**EXERCISE INSTRUCTIONS**
Every line with the word "units" in it should be extracted from the data that follows.

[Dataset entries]
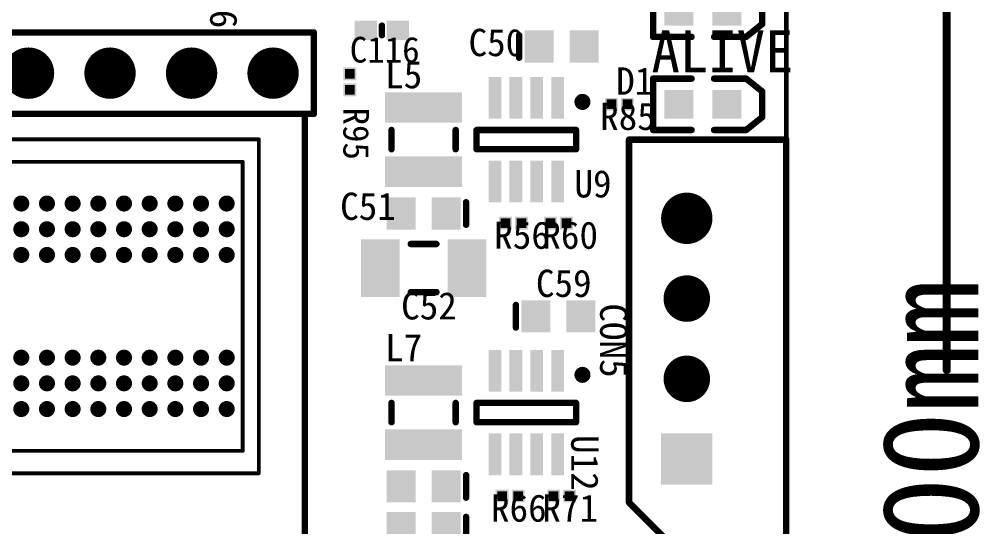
# Model space of a CAD drawing. Header units: millimetres. Extents: x 15 to 121, y 19 to 88.
# Drawn here: x 86.5 to 116.43, y 54.14 to 69.95 of the extents above; entities that cross this region are included whole.
import ezdxf

# ---------------------------------------------------------------- set-up
doc = ezdxf.new("R2010")
doc.units = ezdxf.units.MM
for name, color, linetype in [('KeepOutLayer', 6, 'Continuous'), ('Mechanical2', 216, 'Continuous'), ('TopOverlay', 2, 'Continuous'), ('TopPaste', 8, 'Continuous'), ('TopSolder', 216, 'Continuous')]:
    doc.layers.add(name, color=color, linetype=linetype)

# ---------------------------------------------------------------- blocks, each defined once
blk = doc.blocks.new('HDR1X7_5')
at = {"layer": 'TopOverlay', "const_width": 0.2}
for points in [[(-1.27, -1.27), (-1.27, 1.27)], [(-1.27, 1.27), (16.51, 1.27)], [(16.51, -1.27), (16.51, 1.27)], [(-1.27, -1.27), (16.51, -1.27)]]:
    blk.add_lwpolyline(points, dxfattribs=at)
at = {"layer": 'TopOverlay', "const_width": 0.1}
for points in [[(-1.32, 1.27, 1), (-1.22, 1.27, 1)], [(-1.32, 1.27, 1), (-1.22, 1.27, 1)], [(16.46, 1.27, 1), (16.56, 1.27, 1)], [(16.46, 1.27, 1), (16.56, 1.27, 1)], [(-1.32, -1.27, 1), (-1.22, -1.27, 1)], [(-1.32, -1.27, 1), (-1.22, -1.27, 1)], [(16.46, -1.27, 1), (16.56, -1.27, 1)], [(16.46, -1.27, 1), (16.56, -1.27, 1)]]:
    blk.add_lwpolyline(points, format="xyb", close=True, dxfattribs=at)
at = {"layer": 'TopSolder', "const_width": 0.8}
for points in [[(2.14, 0, 1), (2.94, 0, 1)], [(4.68, 0, 1), (5.48, 0, 1)], [(7.22, 0, 1), (8.02, 0, 1)], [(9.76, 0, 1), (10.56, 0, 1)], [(12.3, 0, 1), (13.1, 0, 1)], [(14.84, 0, 1), (15.64, 0, 1)]]:
    blk.add_lwpolyline(points, format="xyb", close=True, dxfattribs=at)
at = {"layer": 'TopSolder'}
blk.add_solid([(-0.8, -0.8), (0.8, -0.8), (-0.8, 0.8), (0.8, 0.8)], dxfattribs=at)
blk = doc.blocks.new('RESC0603E_8')
at = {"layer": 'TopPaste'}
for points in [[(-0.1, -0.15), (-0.1, 0.15), (-0.4, -0.15), (-0.4, 0.15)], [(0.4, -0.15), (0.4, 0.15), (0.1, -0.15), (0.1, 0.15)]]:
    blk.add_solid(points, dxfattribs=at)
at = {"layer": 'TopSolder'}
for points in [[(-0.05, -0.2), (-0.05, 0.2), (-0.45, -0.2), (-0.45, 0.2)], [(0.45, -0.2), (0.45, 0.2), (0.05, -0.2), (0.05, 0.2)]]:
    blk.add_solid(points, dxfattribs=at)
blk = doc.blocks.new('CAPC1005L_10')
at = {"layer": 'TopOverlay', "const_width": 0.2}
blk.add_lwpolyline([(0, 0.15), (0, -0.15)], dxfattribs=at)
at = {"layer": 'TopOverlay', "const_width": 0.1}
for points in [[(-0.05, 0.15, 1), (0.05, 0.15, 1)], [(-0.05, -0.15, 1), (0.05, -0.15, 1)]]:
    blk.add_lwpolyline(points, format="xyb", close=True, dxfattribs=at)
at = {"layer": 'TopPaste'}
for points in [[(-0.2, -0.25), (-0.2, 0.25), (-0.8, -0.25), (-0.8, 0.25)], [(0.8, -0.25), (0.8, 0.25), (0.2, -0.25), (0.2, 0.25)]]:
    blk.add_solid(points, dxfattribs=at)
at = {"layer": 'TopSolder'}
for points in [[(-0.15, -0.3), (-0.15, 0.3), (-0.85, -0.3), (-0.85, 0.3)], [(0.85, -0.3), (0.85, 0.3), (0.15, -0.3), (0.15, 0.3)]]:
    blk.add_solid(points, dxfattribs=at)
blk = doc.blocks.new('TSOT23_8_102')
at = {"layer": 'TopOverlay'}
for points, const_width in [([(-1.05, 1.75, 1), (-1.3, 1.75, 1)], 0.25), ([(-1.362, 1.75, 1), (-1.237, 1.75, 1)], 0.125), ([(-1.112, 1.75, 1), (-0.987, 1.75, 1)], 0.125), ([(-0.35, 1.55, 1), (-0.25, 1.55, 1)], 0.1), ([(-0.35, 1.55, 1), (-0.25, 1.55, 1)], 0.1), ([(0.25, 1.55, 1), (0.35, 1.55, 1)], 0.1), ([(0.25, 1.55, 1), (0.35, 1.55, 1)], 0.1), ([(-0.35, -1.55, 1), (-0.25, -1.55, 1)], 0.1), ([(-0.35, -1.55, 1), (-0.25, -1.55, 1)], 0.1), ([(0.25, -1.55, 1), (0.35, -1.55, 1)], 0.1), ([(0.25, -1.55, 1), (0.35, -1.55, 1)], 0.1)]:
    blk.add_lwpolyline(points, format="xyb", close=True, dxfattribs=dict(at, const_width=const_width))
at = {"layer": 'TopOverlay', "const_width": 0.2}
for points in [[(-0.3, -1.55), (-0.3, 1.55)], [(0.3, 1.55), (-0.3, 1.55)], [(0.3, -1.55), (0.3, 1.55)], [(0.3, -1.55), (-0.3, -1.55)]]:
    blk.add_lwpolyline(points, dxfattribs=at)
at = {"layer": 'TopPaste'}
for points in [[(-0.7, 0.825), (-0.7, 1.125), (-1.9, 0.825), (-1.9, 1.125)], [(1.9, 0.825), (1.9, 1.125), (0.7, 0.825), (0.7, 1.125)], [(-0.7, 0.175), (-0.7, 0.475), (-1.9, 0.175), (-1.9, 0.475)], [(1.9, 0.175), (1.9, 0.475), (0.7, 0.175), (0.7, 0.475)], [(-0.7, -0.475), (-0.7, -0.175), (-1.9, -0.475), (-1.9, -0.175)], [(1.9, -0.475), (1.9, -0.175), (0.7, -0.475), (0.7, -0.175)], [(-0.7, -1.125), (-0.7, -0.825), (-1.9, -1.125), (-1.9, -0.825)], [(1.9, -1.125), (1.9, -0.825), (0.7, -1.125), (0.7, -0.825)]]:
    blk.add_solid(points, dxfattribs=at)
at = {"layer": 'TopSolder'}
for points in [[(-0.65, 0.775), (-0.65, 1.175), (-1.95, 0.775), (-1.95, 1.175)], [(1.95, 0.775), (1.95, 1.175), (0.65, 0.775), (0.65, 1.175)], [(-0.65, 0.125), (-0.65, 0.525), (-1.95, 0.125), (-1.95, 0.525)], [(1.95, 0.125), (1.95, 0.525), (0.65, 0.125), (0.65, 0.525)], [(-0.65, -0.525), (-0.65, -0.125), (-1.95, -0.525), (-1.95, -0.125)], [(1.95, -0.525), (1.95, -0.125), (0.65, -0.525), (0.65, -0.125)], [(-0.65, -1.175), (-0.65, -0.775), (-1.95, -1.175), (-1.95, -0.775)], [(1.95, -1.175), (1.95, -0.775), (0.65, -1.175), (0.65, -0.775)]]:
    blk.add_solid(points, dxfattribs=at)
blk = doc.blocks.new('TSOT23_8_104')
at = {"layer": 'TopOverlay'}
for points, const_width in [([(-1.05, 1.75, 1), (-1.3, 1.75, 1)], 0.25), ([(-1.362, 1.75, 1), (-1.237, 1.75, 1)], 0.125), ([(-1.112, 1.75, 1), (-0.987, 1.75, 1)], 0.125), ([(-0.35, 1.55, 1), (-0.25, 1.55, 1)], 0.1), ([(-0.35, 1.55, 1), (-0.25, 1.55, 1)], 0.1), ([(0.25, 1.55, 1), (0.35, 1.55, 1)], 0.1), ([(0.25, 1.55, 1), (0.35, 1.55, 1)], 0.1), ([(-0.35, -1.55, 1), (-0.25, -1.55, 1)], 0.1), ([(-0.35, -1.55, 1), (-0.25, -1.55, 1)], 0.1), ([(0.25, -1.55, 1), (0.35, -1.55, 1)], 0.1), ([(0.25, -1.55, 1), (0.35, -1.55, 1)], 0.1)]:
    blk.add_lwpolyline(points, format="xyb", close=True, dxfattribs=dict(at, const_width=const_width))
at = {"layer": 'TopOverlay', "const_width": 0.2}
for points in [[(-0.3, -1.55), (-0.3, 1.55)], [(0.3, 1.55), (-0.3, 1.55)], [(0.3, -1.55), (0.3, 1.55)], [(0.3, -1.55), (-0.3, -1.55)]]:
    blk.add_lwpolyline(points, dxfattribs=at)
at = {"layer": 'TopPaste'}
for points in [[(-0.7, 0.825), (-0.7, 1.125), (-1.9, 0.825), (-1.9, 1.125)], [(1.9, 0.825), (1.9, 1.125), (0.7, 0.825), (0.7, 1.125)], [(-0.7, 0.175), (-0.7, 0.475), (-1.9, 0.175), (-1.9, 0.475)], [(1.9, 0.175), (1.9, 0.475), (0.7, 0.175), (0.7, 0.475)], [(-0.7, -0.475), (-0.7, -0.175), (-1.9, -0.475), (-1.9, -0.175)], [(1.9, -0.475), (1.9, -0.175), (0.7, -0.475), (0.7, -0.175)], [(-0.7, -1.125), (-0.7, -0.825), (-1.9, -1.125), (-1.9, -0.825)], [(1.9, -1.125), (1.9, -0.825), (0.7, -1.125), (0.7, -0.825)]]:
    blk.add_solid(points, dxfattribs=at)
at = {"layer": 'TopSolder'}
for points in [[(-0.65, 0.775), (-0.65, 1.175), (-1.95, 0.775), (-1.95, 1.175)], [(1.95, 0.775), (1.95, 1.175), (0.65, 0.775), (0.65, 1.175)], [(-0.65, 0.125), (-0.65, 0.525), (-1.95, 0.125), (-1.95, 0.525)], [(1.95, 0.125), (1.95, 0.525), (0.65, 0.125), (0.65, 0.525)], [(-0.65, -0.525), (-0.65, -0.125), (-1.95, -0.525), (-1.95, -0.125)], [(1.95, -0.525), (1.95, -0.125), (0.65, -0.525), (0.65, -0.125)], [(-0.65, -1.175), (-0.65, -0.775), (-1.95, -1.175), (-1.95, -0.775)], [(1.95, -1.175), (1.95, -0.775), (0.65, -1.175), (0.65, -0.775)]]:
    blk.add_solid(points, dxfattribs=at)
blk = doc.blocks.new('BGA96C80P16X11_1300X900X110_107')
at = {"layer": 'TopOverlay'}
for points, const_width in [([(-5.175, 7.1, 1), (-5.425, 7.1, 1)], 0.25), ([(-5.487, 7.1, 1), (-5.363, 7.1, 1)], 0.125), ([(-5.237, 7.1, 1), (-5.112, 7.1, 1)], 0.125), ([(-4.753, 7, 1), (-4.693, 7, 1)], 0.06), ([(-4.753, 7, 1), (-4.693, 7, 1)], 0.06), ([(5.17, 7, 1), (5.23, 7, 1)], 0.06), ([(5.17, 7, 1), (5.23, 7, 1)], 0.06), ([(-5.23, 6.523, 1), (-5.17, 6.523, 1)], 0.06), ([(-5.23, 6.523, 1), (-5.17, 6.523, 1)], 0.06), ([(-4.53, 6.5, 1), (-4.47, 6.5, 1)], 0.06), ([(-4.53, 6.5, 1), (-4.47, 6.5, 1)], 0.06), ([(4.47, 6.5, 1), (4.53, 6.5, 1)], 0.06), ([(4.47, 6.5, 1), (4.53, 6.5, 1)], 0.06), ([(-4.53, -6.5, 1), (-4.47, -6.5, 1)], 0.06), ([(-4.53, -6.5, 1), (-4.47, -6.5, 1)], 0.06), ([(4.47, -6.5, 1), (4.53, -6.5, 1)], 0.06), ([(4.47, -6.5, 1), (4.53, -6.5, 1)], 0.06), ([(-5.23, -7, 1), (-5.17, -7, 1)], 0.06), ([(-5.23, -7, 1), (-5.17, -7, 1)], 0.06), ([(5.17, -7, 1), (5.23, -7, 1)], 0.06), ([(5.17, -7, 1), (5.23, -7, 1)], 0.06)]:
    blk.add_lwpolyline(points, format="xyb", close=True, dxfattribs=dict(at, const_width=const_width))
at = {"layer": 'TopOverlay', "const_width": 0.12}
for points in [[(-4.723, 7), (-5.2, 6.523)], [(-4.723, 7), (5.2, 7)], [(5.2, 7), (5.2, -7)], [(-5.2, 6.523), (-5.2, -7)], [(-4.5, 6.5), (-4.5, -6.5)], [(-4.5, 6.5), (4.5, 6.5)], [(4.5, 6.5), (4.5, -6.5)], [(-4.5, -6.5), (4.5, -6.5)], [(-5.2, -7), (5.2, -7)]]:
    blk.add_lwpolyline(points, dxfattribs=at)
at = {"layer": 'TopPaste', "const_width": 0.2}
for points in [[(-3.3, 6, 1), (-3.1, 6, 1)], [(-2.5, 6, 1), (-2.3, 6, 1)], [(-1.7, 6, 1), (-1.5, 6, 1)], [(1.5, 6, 1), (1.7, 6, 1)], [(2.3, 6, 1), (2.5, 6, 1)], [(3.1, 6, 1), (3.3, 6, 1)], [(-3.3, 5.2, 1), (-3.1, 5.2, 1)], [(-2.5, 5.2, 1), (-2.3, 5.2, 1)], [(-1.7, 5.2, 1), (-1.5, 5.2, 1)], [(1.5, 5.2, 1), (1.7, 5.2, 1)], [(2.3, 5.2, 1), (2.5, 5.2, 1)], [(3.1, 5.2, 1), (3.3, 5.2, 1)], [(-3.3, 4.4, 1), (-3.1, 4.4, 1)], [(-2.5, 4.4, 1), (-2.3, 4.4, 1)], [(-1.7, 4.4, 1), (-1.5, 4.4, 1)], [(1.5, 4.4, 1), (1.7, 4.4, 1)], [(2.3, 4.4, 1), (2.5, 4.4, 1)], [(3.1, 4.4, 1), (3.3, 4.4, 1)], [(-3.3, 3.6, 1), (-3.1, 3.6, 1)], [(-2.5, 3.6, 1), (-2.3, 3.6, 1)], [(-1.7, 3.6, 1), (-1.5, 3.6, 1)], [(1.5, 3.6, 1), (1.7, 3.6, 1)], [(2.3, 3.6, 1), (2.5, 3.6, 1)], [(3.1, 3.6, 1), (3.3, 3.6, 1)], [(-3.3, 2.8, 1), (-3.1, 2.8, 1)], [(-2.5, 2.8, 1), (-2.3, 2.8, 1)], [(-1.7, 2.8, 1), (-1.5, 2.8, 1)], [(1.5, 2.8, 1), (1.7, 2.8, 1)], [(2.3, 2.8, 1), (2.5, 2.8, 1)], [(3.1, 2.8, 1), (3.3, 2.8, 1)], [(-3.3, 2, 1), (-3.1, 2, 1)], [(-2.5, 2, 1), (-2.3, 2, 1)], [(-1.7, 2, 1), (-1.5, 2, 1)], [(1.5, 2, 1), (1.7, 2, 1)], [(2.3, 2, 1), (2.5, 2, 1)], [(3.1, 2, 1), (3.3, 2, 1)], [(-3.3, 1.2, 1), (-3.1, 1.2, 1)], [(-2.5, 1.2, 1), (-2.3, 1.2, 1)], [(-1.7, 1.2, 1), (-1.5, 1.2, 1)], [(1.5, 1.2, 1), (1.7, 1.2, 1)], [(2.3, 1.2, 1), (2.5, 1.2, 1)], [(3.1, 1.2, 1), (3.3, 1.2, 1)], [(-3.3, 0.4, 1), (-3.1, 0.4, 1)], [(-2.5, 0.4, 1), (-2.3, 0.4, 1)], [(-1.7, 0.4, 1), (-1.5, 0.4, 1)], [(1.5, 0.4, 1), (1.7, 0.4, 1)], [(2.3, 0.4, 1), (2.5, 0.4, 1)], [(3.1, 0.4, 1), (3.3, 0.4, 1)], [(-3.3, -0.4, 1), (-3.1, -0.4, 1)], [(-2.5, -0.4, 1), (-2.3, -0.4, 1)], [(-1.7, -0.4, 1), (-1.5, -0.4, 1)], [(1.5, -0.4, 1), (1.7, -0.4, 1)], [(2.3, -0.4, 1), (2.5, -0.4, 1)], [(3.1, -0.4, 1), (3.3, -0.4, 1)], [(-3.3, -1.2, 1), (-3.1, -1.2, 1)], [(-2.5, -1.2, 1), (-2.3, -1.2, 1)], [(-1.7, -1.2, 1), (-1.5, -1.2, 1)], [(1.5, -1.2, 1), (1.7, -1.2, 1)], [(2.3, -1.2, 1), (2.5, -1.2, 1)], [(3.1, -1.2, 1), (3.3, -1.2, 1)], [(-3.3, -2, 1), (-3.1, -2, 1)], [(-2.5, -2, 1), (-2.3, -2, 1)], [(-1.7, -2, 1), (-1.5, -2, 1)], [(1.5, -2, 1), (1.7, -2, 1)], [(2.3, -2, 1), (2.5, -2, 1)], [(3.1, -2, 1), (3.3, -2, 1)], [(-3.3, -2.8, 1), (-3.1, -2.8, 1)], [(-2.5, -2.8, 1), (-2.3, -2.8, 1)], [(-1.7, -2.8, 1), (-1.5, -2.8, 1)], [(1.5, -2.8, 1), (1.7, -2.8, 1)], [(2.3, -2.8, 1), (2.5, -2.8, 1)], [(3.1, -2.8, 1), (3.3, -2.8, 1)], [(-3.3, -3.6, 1), (-3.1, -3.6, 1)], [(-2.5, -3.6, 1), (-2.3, -3.6, 1)], [(-1.7, -3.6, 1), (-1.5, -3.6, 1)], [(1.5, -3.6, 1), (1.7, -3.6, 1)], [(2.3, -3.6, 1), (2.5, -3.6, 1)], [(3.1, -3.6, 1), (3.3, -3.6, 1)], [(-3.3, -4.4, 1), (-3.1, -4.4, 1)], [(-2.5, -4.4, 1), (-2.3, -4.4, 1)], [(-1.7, -4.4, 1), (-1.5, -4.4, 1)], [(1.5, -4.4, 1), (1.7, -4.4, 1)], [(2.3, -4.4, 1), (2.5, -4.4, 1)], [(3.1, -4.4, 1), (3.3, -4.4, 1)], [(-3.3, -5.2, 1), (-3.1, -5.2, 1)], [(-2.5, -5.2, 1), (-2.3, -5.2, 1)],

**EXERCISE ANSWER**
# Model space of a CAD drawing. Header units: millimetres. Extents: x 15 to 121, y 19 to 88.
doc.units = ezdxf.units.MM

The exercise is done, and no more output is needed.